Le cas de Victor n'est pas unique. Selon lui, de nombreux étudiants recourent à de petits jobs non déclarés. «Manutention, boulots saisonniers, ménages, plonges dans les hôtels,... et certains employeurs ne sont pas très scrupuleux et profitent de cette situation vulnérable pour proposer des salaires entre 10.00 et 12.50 CHF de l'heure!» Et de poursuivre: «d'autres ont plus de chance, ils font des veilles la nuit pour pouvoir aller en cours la journée!»

Des solutions?
La situation actuelle semble au point mort.
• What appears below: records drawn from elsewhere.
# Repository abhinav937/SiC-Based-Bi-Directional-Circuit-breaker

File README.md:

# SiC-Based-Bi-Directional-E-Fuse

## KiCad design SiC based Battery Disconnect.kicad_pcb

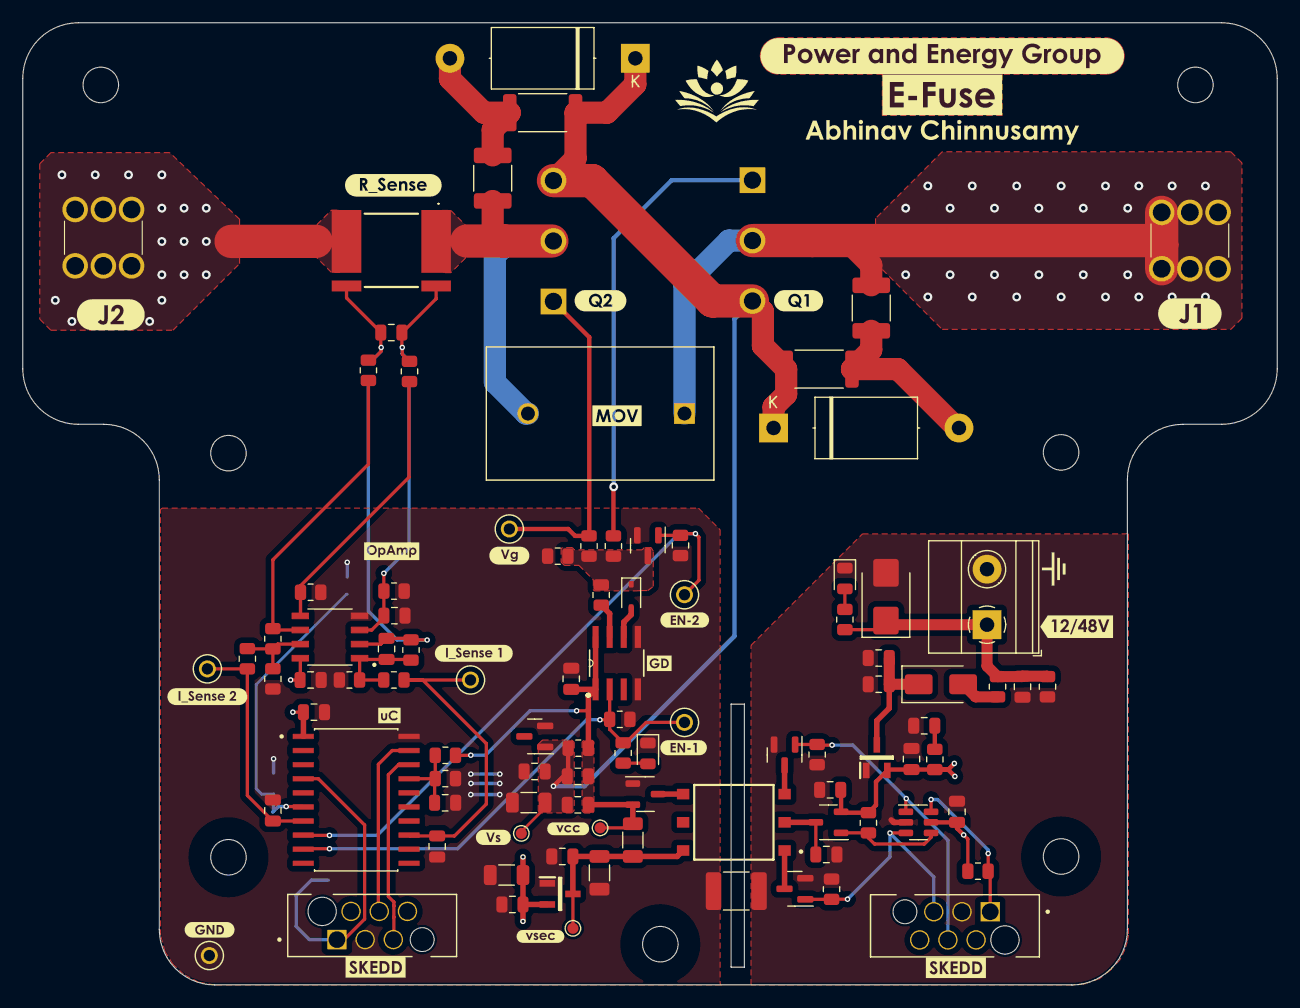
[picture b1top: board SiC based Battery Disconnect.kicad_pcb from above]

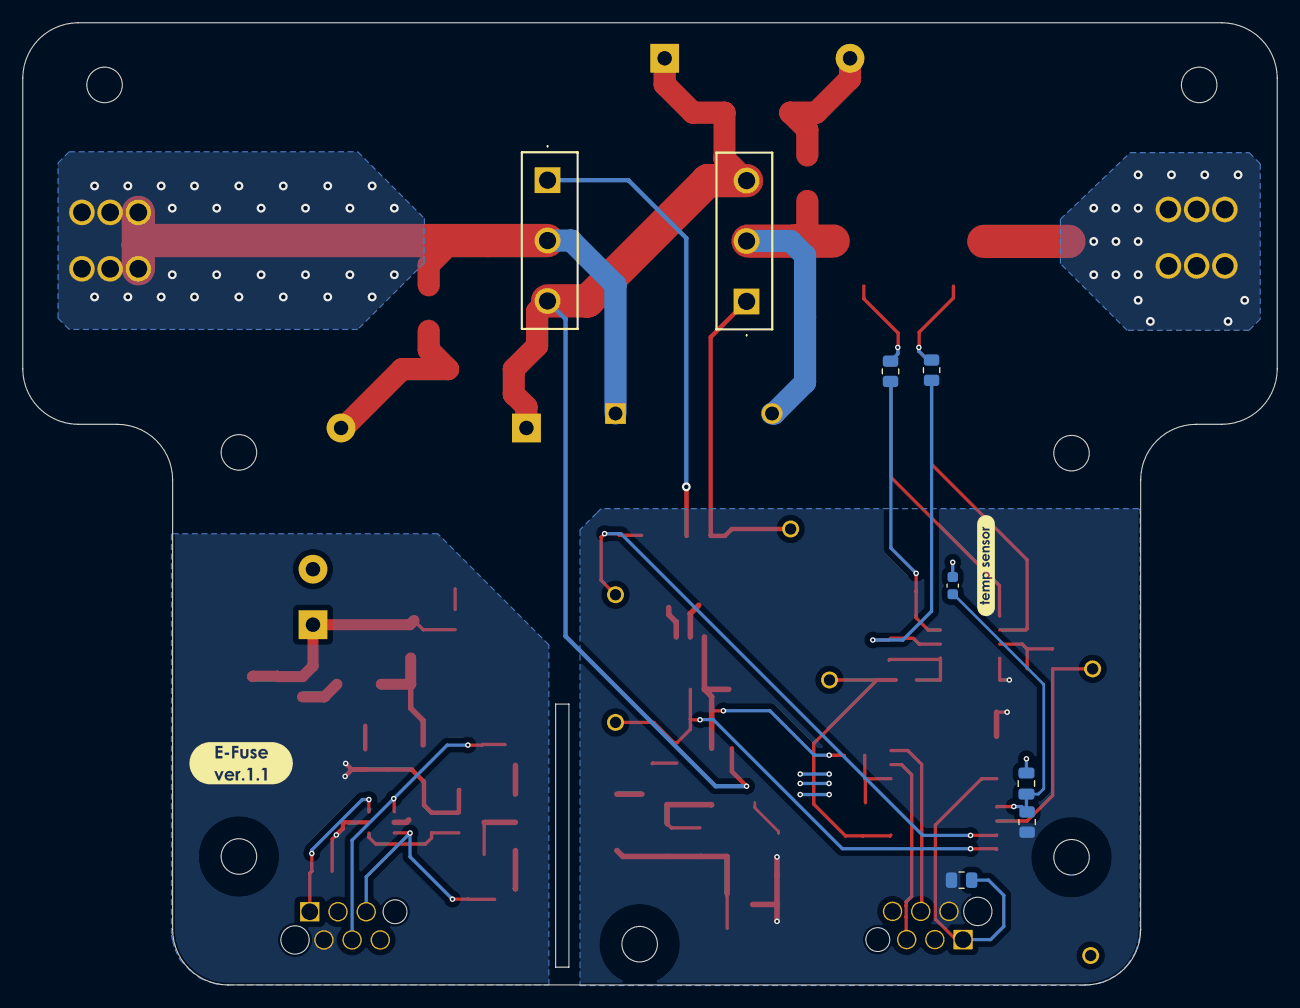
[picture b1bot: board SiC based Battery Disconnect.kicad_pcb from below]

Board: 2 copper layers, 113.0 x 86.7 mm, 136 parts (10 on the bottom side), 48 nets.

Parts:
C1: 100nF; C_0805_2012Metric
C2, C16: 4.7nF; C_1812_4532Metric
C3, C6, C17, C20, C21, C25, C26, C27, C28, C30: 0.1uF; C_0805_2012Metric
C4, C5: 10uF; C_1206_3216Metric
C7: 1uF; C_0805_2012Metric
C8: 4700pF; C_1812_4532Metric
C9, C12, C15: 100pF; C_0805_2012Metric
C10, C11, C13, C14, C18: 10000pF; C_0805_2012Metric
C19, C23: 10uF; C_0805_2012Metric
C22: 4.7uF; C_0805_2012Metric
C24, C29: 4.7uF; C_1206_3216Metric
D1: BAS70-04; SOT-23-3
D2, D6: LED; LED_0805_2012Metric
D3: SM6T68CA; D_SMB
D4: US1G; D_SMA
D5: BZX84C6V8; SOT-23
D7: BZX384-B22,115; D_SOD-323
D8, D9: D; D_DO-201AE_P12.70mm_Horizontal
H1, H2, H3, H4, H5, H6, H7: MountingHole; MountingHole_3.2mm_M3
IC2: PIC16F15345-I/SO; SOIC127P1030X265-20N
IC4, IC5: MCP1792T-5002H_CB; SOT95P255X145-3N
J1: Input; 7461057
J2: Output; 7461057
J3: 12V/48V supply; TerminalBlock_Phoenix_MKDS-1,5-2_1x02_P5.00mm_Horizontal
J5, J6: 490107670612; WURTH_490107670612
Q1, Q2: IMW120R014M1H
Q3, Q5, Q6: 2N7002BK,215; SOT-23
Q4: Si2333DS; SOT-23-3
R1, R2, R32: 20R; R_0805_2012Metric
R3: WSLP40261L000FEA
R4, R6, R7, R13, R30, R31, R35: 100k; R_0805_2012Metric
R5, R9, R11, R18, R25, R34: 10k; R_0805_2012Metric
R8: 10K; R_0805_2012Metric
R10, R12: 4.7k; R_0805_2012Metric
R14, R15, R19, R20, R22, R24, R33: 20k; R_0805_2012Metric
R16, R17: 1k; R_0805_2012Metric
R21, R23: 100R; R_0805_2012Metric
R26, R27: 18R; R_2512_6332Metric
R28: 0R; R_0805_2012Metric
R29: 4.7R; R_0805_2012Metric
RV1: Varistor; VARRB750W100L2050T1200H2800
T1: 760390014; 760390015
TH100: 10k; C_0603_1608Metric
TP1, TP2, TP6, TP7, TP9: 5001; KEYSTONE_5001
TP3, TP4, TP8: TestPoint; TestPoint_Pad_D1.0mm
TP5: 5001/TestPoint; KEYSTONE_5001
U1: PIC10F322-IOT; SOT-23-6
U2: MCP6022; SOIC127P599X175-8N
U4: TC4432VOA; SOIC127P600X175-8N
kibuzzard-64D0ED59, kibuzzard-64D0ED59#2: G***; kibuzzard-64D0ED59
kibuzzard-651F86C6: G***; kibuzzard-651F86C6
kibuzzard-651F886F: G***; kibuzzard-651F886F
kibuzzard-6557C38A: G***; kibuzzard-6557C38A
kibuzzard-65082C7F: G***; kibuzzard-65082C7F
kibuzzard-65082D1D: G***; kibuzzard-65082D1D
kibuzzard-65082D52: G***; kibuzzard-65082D52
kibuzzard-65082FCA: G***; kibuzzard-65082FCA
kibuzzard-65082FE1: G***; kibuzzard-65082FE1
kibuzzard-650825C2: G***; kibuzzard-650825C2
kibuzzard-650825F1: G***; kibuzzard-650825F1
kibuzzard-650830BB: G***; kibuzzard-650830BB
kibuzzard-650830F5: G***; kibuzzard-650830F5
kibuzzard-650834CF: G***; kibuzzard-650834CF
kibuzzard-650835E3: G***; kibuzzard-650835E3
kibuzzard-6508239C: G***; kibuzzard-6508239C
kibuzzard-6508248A: G***; kibuzzard-6508248A
kibuzzard-6508304F: G***; kibuzzard-6508304F
kibuzzard-6508305D: G***; kibuzzard-6508305D
kibuzzard-6508313B: G***; kibuzzard-6508313B
kibuzzard-6508355A: G***; kibuzzard-6508355A
kibuzzard-6508356A: G***; kibuzzard-6508356A
kibuzzard-65082383: G***; kibuzzard-65082383
kibuzzard-65082582: G***; kibuzzard-65082582
kibuzzard-65083125: G***; kibuzzard-65083125

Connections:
BATT+(12V-48V): C18.2, D3.1 (A1), J3.1, R11.1, R29.1, R34.1
DRIVER_EN1: IC2.9 (RC7), R10.1, R30.2, TP1.TP, U4.2 (IN)
DRIVER_EN2: IC2.8 (RC6), Q6.1 (G), R35.2, TP2.TP
Earth: C3.2, C7.2, C8.1, C17.1, C18.1, C19.1, C20.1, C21.1, C22.1, D3.2 (A2), D6.1 (K), IC5.1 (GND), J3.2, J5.3, Q3.2 (S), Q5.2 (S), R4.2, R7.2, R11.2, U1.2 (VSS)
GND: C1.2, C5.2, C6.1, C8.2, C9.2, C10.2, C11.2, C12.2, C13.2, C24.1, C25.1, C27.1, C28.1, C29.1, C30.2, D1.1 (K), D2.1 (K), D5.2 (A), IC2.20 (VSS), IC4.1 (GND), J6.3, Q6.2 (S), R9.1, R19.1, R20.1, R22.1, R25.1, R30.1, R31.1, R35.1, TH100.2, TP5.TP, U2.4 (V-), U4.4 (GND_2), U4.5 (GND)
I_SENSE_ANB4: C13.1, IC2.13 (RB4), R23.1, TP6.TP
I_SENSE_C3IN1-: C12.1, IC2.7 (RC3), R21.1, TP7.TP
I_sense+: C15.1, R3.4, R14.1, R16.1
I_sense-: C15.2, R3.3, R15.1, R17.1
unnamed: C14.2, R22.2, R23.2, R24.2, U2.1
unnamed: C22.2, R28.2
unnamed: D1.3 (A), T1.4
unnamed: D2.2 (A), R10.2
unnamed: D4.2 (A), R29.2
unnamed: C19.2, C20.2, D4.1 (K), IC5.3 (VIN)
unnamed: D6.2 (A), R34.2
unnamed: D7.2 (A), U4.6 (*OUT_2)
unnamed: D7.1 (K), Q6.3 (D), R1.1, R2.1, R31.2, R32.2
unnamed: C16.2, D8.2 (A), R27.1
unnamed: C2.2, D9.2 (A), R26.1
unnamed: C9.1, IC2.17 (RA2), R9.2, R13.1
unnamed: C10.1, IC2.6 (RC4), R12.2, TH100.1
unnamed: J2.1, J2.2, J2.3, J2.4, J2.5, J2.6, R3.2
unnamed: C2.1, J1.1, J1.2, J1.3, J1.4, J1.5, J1.6, Q1.2 (D), RV1.1
unnamed: Q1.1 (G), R1.2
unnamed: C16.1, Q2.2 (D), R3.1, RV1.2
unnamed: Q2.1 (G), R2.2, TP9.TP
unnamed: Q3.3 (D), T1.3
unnamed: C7.1, Q4.3 (D), T1.2
unnamed: Q4.1 (G), R6.1, U1.4 (RA2)
unnamed: Q5.3 (D), T1.1
unnamed: R18.2, R20.2, R21.2, U2.7
unnamed: C11.1, R16.2, R19.2, U2.3 (+)
unnamed: C14.1, R17.2, R24.1, U2.2 (-)
unnamed: R14.2, R25.2, U2.5 (+)
unnamed: R15.2, R18.1, U2.6 (-)
unnamed: R32.1, U4.7 (*OUT)
RA0: IC2.19 (RA0/ICSPDAT), J6.4
RA0_{lv}: J5.4, Q3.1 (G), R4.1, U1.1 (RA0)
RA1: IC2.18 (RA1/ICSPCLK), J6.5
RA1_{lv}: J5.5, Q5.1 (G), R7.1, U1.3 (RA1)
RA3: IC2.4 (~MCLR/VPP/RA3), J6.1, R5.1
RA3_{lv}: J5.1, R8.2, U1.6 (RA3)
VCC: C1.1, C4.1, C23.1, C26.2, D1.2 (K), R13.2, R33.1, TP8.1, U4.1 (VDD_2), U4.8 (VDD)
VDDHV: C6.2, C28.2, C29.2, C30.1, IC2.1 (VDD), IC4.2 (VOUT), J6.2, R5.2, R12.1, U2.8 (V+)
VDDLV: C3.1, C17.2, C21.2, IC5.2 (VOUT), J5.2, Q4.2 (S), R6.2, R8.1, R28.1, U1.5 (VDD)
VSEC: C4.2, C5.1, C27.2, IC4.3 (VIN), T1.6, TP3.1
VSOURCE: C23.2, C24.2, C25.2, C26.1, D5.1 (K), D8.1 (K), D9.1 (K), Q1.3 (S), Q2.3 (S), R26.2, R27.2, R33.2, TP4.1

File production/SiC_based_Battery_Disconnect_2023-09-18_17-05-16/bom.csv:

Designator,Footprint,Quantity,Value,LCSC Part #
C1,0805,1,100nF,
"C10, C11, C13, C14, C18",0805,5,10000pF,
"C12, C15, C9",0805,3,100pF,
"C16, C2",1812,2,4.7nF,
"C17, C20, C21, C25, C26, C27, C28, C3, C6",0805,9,0.1uF,
"C19, C23",0805,2,10uF,
C22,0805,1,4.7uF,
"C24, C29",1206,2,4.7uF,
"C4, C5",1206,2,10uF,
C7,0805,1,1uF,
C8,1812,1,4700pF,
D1,SOT-23-3,1,BAS70-04,
"D2, D6",0805,2,LED,
D3,D_SMB,1,SM6T39A,
D4,D_SMA,1,US1G,
D5,SOT-23,1,BZX84C6V8,
D7,D_SOD-323,1,"BZX384-B22,115",
"D8, D9",D_DO-201AE_P12.70mm_Horizontal,2,D,
"H1, H2, H3, H4, H5, H6, H7",MountingHole_3.2mm_M3,7,MountingHole,
IC2,SOP65P780X200-20N,1,PIC16F15345T-E_SSVAO,
"IC4, IC5",SOT95P255X145-3N,2,MCP1792T-5002H_CB,
J1,7461057,1,Input,
J2,7461057,1,Output,
J3,"TerminalBlock_Phoenix_MKDS-1,5-2_1x02_P5.00mm_Horizontal",1,12V supply,
"J5, J6",WURTH_490107670612,2,490107670612,
"Q1, Q2",IMW120R014M1H,2,IMW120R014M1H,
"Q3, Q5, Q6",SOT-23,3,"2N7002BK,215",
Q4,SOT-23-3,1,Si2333DS,
"R1, R2, R32",0805,3,20R,
"R10, R12",0805,2,4.7k,
"R11, R18, R25, R34, R5, R8, R9",0805,7,10k,
"R13, R30, R31, R35, R4, R6, R7",0805,7,100k,
"R14, R15, R19, R20, R22, R24, R33",0805,7,20k,
"R16, R17",0805,2,1k,
"R21, R23",0805,2,100R,
"R26, R27",2512,2,18R,
R28,0805,1,0R,
R29,0805,1,4.7R,
R3,WSLP40261L000FEA,1,WSLP40261L000FEA,
RV1,VARRB750W100L2050T1200H2800,1,Varistor,
T1,760390015,1,760390014,
TH100,0603,1,10k,
"TP1, TP2, TP5, TP6, TP7, TP9",KEYSTONE_5001,6,5001,
"TP3, TP4, TP8",TestPoint_Pad_D1.0mm,3,TestPoint,
U1,SOT-23-6,1,PIC10F322-IOT,
U2,TSSOP-8_4.4x3mm_P0.65mm,1,MCP6022,
U4,SOIC127P600X175-8N,1,TC4432VOA,TC4432VOA

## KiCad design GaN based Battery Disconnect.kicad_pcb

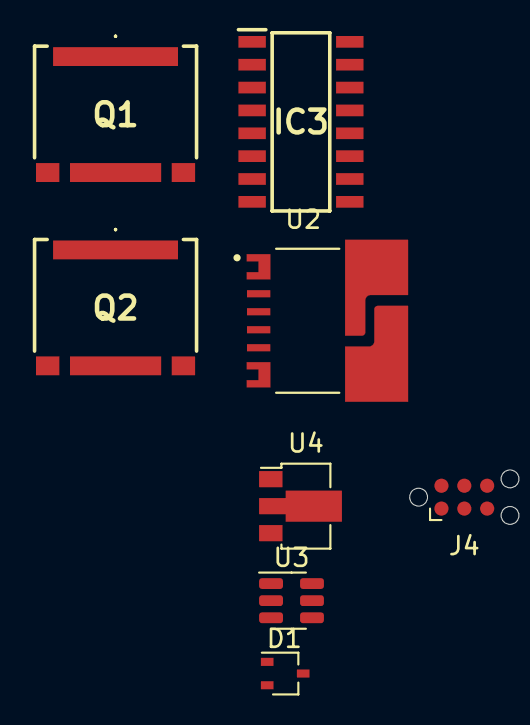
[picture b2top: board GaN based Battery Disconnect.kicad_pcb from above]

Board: 2 copper layers, 8 parts (0 on the bottom side), 9 nets, no tracks yet.

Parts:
D1: BAT54SW; SOT-323_SC-70
IC3: 2EDF7275F; SOIC127P600X175-16N
J4: Conn_ARM_SWD_TagConnect_TC2030-NL; Tag-Connect_TC2030-IDC-NL_2x03_P1.27mm_Vertical
Q1, Q2: GS-065-060-5-T-A; GS0650605TA
U2: TLI4971A050T5UE0001XUMA1; IC_TLE4971A050T5UE0001XUMA1
U3: SN6505BDBV; SOT-23-6
U4: L78L09_SOT89; SOT-89-3

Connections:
0V_a: Q1.3 (S), Q2.3 (S)
+3V3: IC3.3 (VDDI), J4.2 (SWDIO)
+5V: U3.2 (VCC), U3.5 (EN)
+6V_a: IC3.16 (VDDA), U4.1 (OUT)
-3v_a: D1.1 (A), IC3.14 (GNDA), U4.2 (GND)
BATT-: U3.4 (GND), U3.6 (CLK)
GND: IC3.4 (GNDI), IC3.8 (SLDON), J4.3 (~RESET), U2.2 (GND)
unnamed: D1.2 (K), U4.3 (IN)
unnamed: Q2.1 (D), U2.8 (IP+)

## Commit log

2023-08-11 face to face switches design
    with no MOVs and all other present
2023-09-07 updated the design
2023-09-15 design update
2023-10-04 Design with footprint error
2024-04-02 Final Design

Victor est lucide: «il existe aussi des étrangers qui utilisent leur statut d'étudiants pour venir travailler dans les pays riches : selon moi, il doit y en avoir 5%! Mais ce chiffre ne doit pas généraliser la situation des autres étudiants».

Après la hantise du plombier polonais, faut-il aussi avoir peur de la concurrence de l'étudiant africain, chinois ou sud-américain?

Faut-il mettre sur pied des structures plus légères?

Autoriser certaines entreprises à engager plus rapidement ces étudiants avec des conditions particulières? Quelle entreprise est assez folle pour les enrôler sans autorisation préalable? Affaire à suivre...

Loi fédérale sur les étrangers
Article 27 Formation et perfectionnement

1. Un étranger peut être admis en vue d'une formation ou d'un perfectionnement aux conditions suivantes:

  • a. la direction de l'établissement confirme qu'il peut suivre la formation ou le perfectionnement envisagés;

  • b. il dispose d'un logement approprié;

  • c. il dispose de moyens financiers nécessaires;

  • d. il paraît assuré qu'il quittera la Suisse.

2. S'il est mineur, sa prise en charge doit être assurée.

conditions de séjour pour étudiants étrangers
Afin de bénéficier d'un droit au séjour en qualité d'étudiant, les étudiants et les écoliers doivent démontrer de manière crédible qu'ils disposent de moyens financiers nécessaires, afin de ne pas devenir pendant leur séjour une charge pour l'Etat d'accueil. Ils doivent également justifier qu'ils sont inscrits dans un établissement agréé pour y suivre, à titre principal, une formation ainsi que disposer d'une assurance maladie et accidents couvrant l'ensemble des risques.

Si ces conditions sont remplies, les étudiants et les écoliers se verront délivrer une autorisation de séjour d'une durée limitée à la formation ou d'une durée d'un an si la durée de la formation est supérieure à un an, prolongeable chaque année. En parallèle de leurs études, ils sont autorisés à exercer une activité professionnelle accessoire (limitée au maximum à 15 heures hebdomadaires).

Au terme des études, les étudiants peuvent poursuivre leur séjour en Suisse dans la mesure où ils remplissent les conditions de séjour prévues dans l'accord bilatéral (p.ex. en qualité de travailleur ou de non actif).